Disqualified for This List
Mars Bars consisted of nougat, caramel, and almonds wrapped in chocolate. They don't qualify for this list because they were sold in the US into the early 1980s. In 1982 Sue Townsend had an American character who didn't recognize them and had to be told about them by other children when he visited England. This is anachronistic. Americans knew about the whole-almond bars, though perhaps American candy munchers didn't want to risk their teeth actually eating them. Or maybe it was the fatal commercial where that baritone who'd done the other commercials about Mars Bars being "out of this world," and so on, said "You get big crunchy nuts in a Mars Bar." The commercial aired around the time kids my age were discovering that "big crunchy nuts" had an alternative meaning. It always seemed to me that the candy bar died of embarrassment. Anyway it was officially discontinued in the 1980s due to declining sales, then brought back as Almond Snickers.

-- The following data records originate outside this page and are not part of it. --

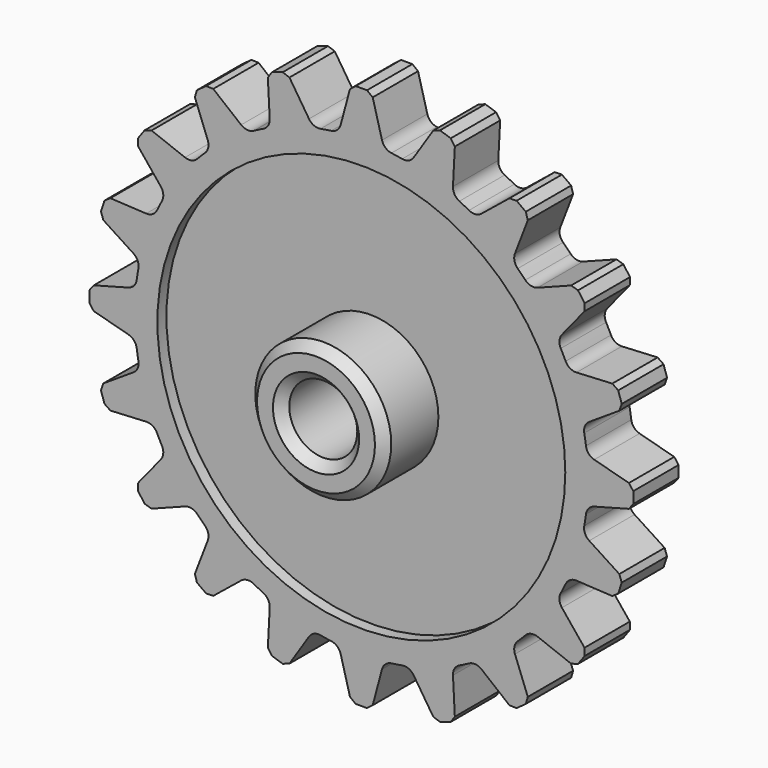
from build123d import *

# Parameters (mm, degrees)
F0_R            = 100
F1_DEPTH        = 25
F3_DEPTH        = 25
F3_COPIES_COUNT = 20
F4_SIZE         = 2
F5_R            = 5
F6_R            = 90
F7_DEPTH        = 5
F8_R            = 30
F9_DEPTH        = 30
F10_R           = 15
F11_DEPTH       = 50.001
F12_SIZE        = 4


# Not quite as in the source:
# - a pattern or mirror of a feature is missing from the dataset's text; its kind, count and spacing are read off the source's solid


with BuildPart() as f1:
    # F0 (on Front) → F1 (new body)
    with BuildSketch(Plane.XZ):
        Circle(F0_R)
    extrude(amount=F1_DEPTH)

    # F2 (on Front) → F3 (join)
    with BuildSketch(Plane.XZ):
        Polygon((-4.5, 120), (-9.9931095726, 99.4994359837), (9.9931095726, 99.4994359837), (4.5, 120), align=None)
    f3 = extrude(amount=F3_DEPTH)

    # F3_copies: F3 ×20 about axis
    f3_copies_axis = Axis((0, 0, 0), (0, 1, 0))
    for i in range(1, F3_COPIES_COUNT):
        add(f3.rotate(f3_copies_axis, i * 360 / F3_COPIES_COUNT))

    # F4
    f4_edges = [f1.edges().sort_by_distance(p)[0] for p in [
        (4.5, -12.5, 120),
        (-4.5, -12.5, 120),
        (-32.802285, -12.5, 115.517358),
        (115.517358, -12.5, 32.802285),
        (120, -12.5, 4.5),
        (120, -12.5, -4.5),
        (115.517358, -12.5, -32.802285),
        (112.736205, -12.5, -41.361794),
        (99.727073, -12.5, -66.893654),
        (94.437006, -12.5, -74.174807),
        (74.174807, -12.5, -94.437006),
        (66.893654, -12.5, -99.727073),
        (41.361794, -12.5, -112.736205),
        (32.802285, -12.5, -115.517358),
        (4.5, -12.5, -120),
        (-4.5, -12.5, -120),
        (-32.802285, -12.5, -115.517358),
        (-41.361794, -12.5, -112.736205),
        (-66.893654, -12.5, -99.727073),
        (-74.174807, -12.5, -94.437006),
        (-94.437006, -12.5, -74.174807),
        (-99.727073, -12.5, -66.893654),
        (-112.736205, -12.5, -41.361794),
        (-115.517358, -12.5, -32.802285),
        (-120, -12.5, -4.5),
        (-120, -12.5, 4.5),
        (-115.517358, -12.5, 32.802285),
        (-112.736205, -12.5, 41.361794),
        (-99.727073, -12.5, 66.893654),
        (-94.437006, -12.5, 74.174807),
        (-74.174807, -12.5, 94.437006),
        (-66.893654, -12.5, 99.727073),
        (32.802285, -12.5, 115.517358),
        (41.361794, -12.5, 112.736205),
        (66.893654, -12.5, 99.727073),
        (74.174807, -12.5, 94.437006),
        (94.437006, -12.5, 74.174807),
        (99.727073, -12.5, 66.893654),
        (112.736205, -12.5, 41.361794),
        (-41.361794, -12.5, 112.736205),
    ]]
    chamfer(f4_edges, length=F4_SIZE)

    # F5
    f5_edges = [f1.edges().sort_by_distance(p)[0] for p in [
        (9.99311, -12.5, 99.499436),
        (-9.99311, -12.5, 99.499436),
        (97.717628, -12.5, 21.243005),
        (99.499436, -12.5, 9.99311),
        (91.541546, -12.5, 40.251029),
        (86.370537, -12.5, 50.399706),
        (99.499436, -12.5, -9.99311),
        (97.717628, -12.5, -21.243005),
        (74.622932, -12.5, 66.568897),
        (66.568897, -12.5, 74.622932),
        (91.541546, -12.5, -40.251029),
        (86.370537, -12.5, -50.399706),
        (50.399706, -12.5, 86.370537),
        (40.251029, -12.5, 91.541546),
        (74.622932, -12.5, -66.568897),
        (66.568897, -12.5, -74.622932),
        (21.243005, -12.5, 97.717628),
        (50.399706, -12.5, -86.370537),
        (40.251029, -12.5, -91.541546),
        (-21.243005, -12.5, 97.717628),
        (21.243005, -12.5, -97.717628),
        (9.99311, -12.5, -99.499436),
        (-40.251029, -12.5, 91.541546),
        (-50.399706, -12.5, 86.370537),
        (-9.99311, -12.5, -99.499436),
        (-21.243005, -12.5, -97.717628),
        (-66.568897, -12.5, 74.622932),
        (-74.622932, -12.5, 66.568897),
        (-40.251029, -12.5, -91.541546),
        (-50.399706, -12.5, -86.370537),
        (-86.370537, -12.5, 50.399706),
        (-91.541546, -12.5, 40.251029),
        (-66.568897, -12.5, -74.622932),
        (-74.622932, -12.5, -66.568897),
        (-97.717628, -12.5, 21.243005),
        (-99.499436, -12.5, 9.99311),
        (-86.370537, -12.5, -50.399706),
        (-91.541546, -12.5, -40.251029),
        (-99.499436, -12.5, -9.99311),
        (-97.717628, -12.5, -21.243005),
    ]]
    fillet(f5_edges, radius=F5_R)

    # F6 (on face) → F7 (cut)
    with BuildSketch(Plane.XZ.offset(25)):
        Circle(F6_R)
    extrude(amount=-F7_DEPTH, mode=Mode.SUBTRACT)

    # F8 (on face) → F9 (join)
    with BuildSketch(Plane.XZ.offset(20)):
        Circle(F8_R)
    extrude(amount=F9_DEPTH)

    # F10 (on face) → F11 (cut, through all)
    with BuildSketch(Plane.XZ.offset(50)):
        Circle(F10_R)
    extrude(amount=-F11_DEPTH, mode=Mode.SUBTRACT)

    # F12
    f12_edges = [f1.edges().sort_by_distance(p)[0] for p in [
        (-30, -50, 0),
        (-15, -50, 0),
    ]]
    chamfer(f12_edges, length=F12_SIZE)


solid = f1.part

As a bonus idea, one of the videos about these vanished candy bars self-advertises with a picture of a once popular dessert that was never marketed as a candy bar--white "seafoam" or "divinity" candy with chopped-up gumdrops suspended in it like stained glass. Seafoam candy was cheap, though hard to make. It was a popular party dish because it needs teamwork; someone has to pour hot syrup slowly over egg whites while someone else is beating them. In the 1970s fear that the hot syrup didn't cook the egg enough to kill possible salmonella pushed seafoam candy completely out of fashion. White nougat and white chocolate with bits of fruit jelly candy, possibly in the classic seven-bites arrangement, just might be a marketable idea.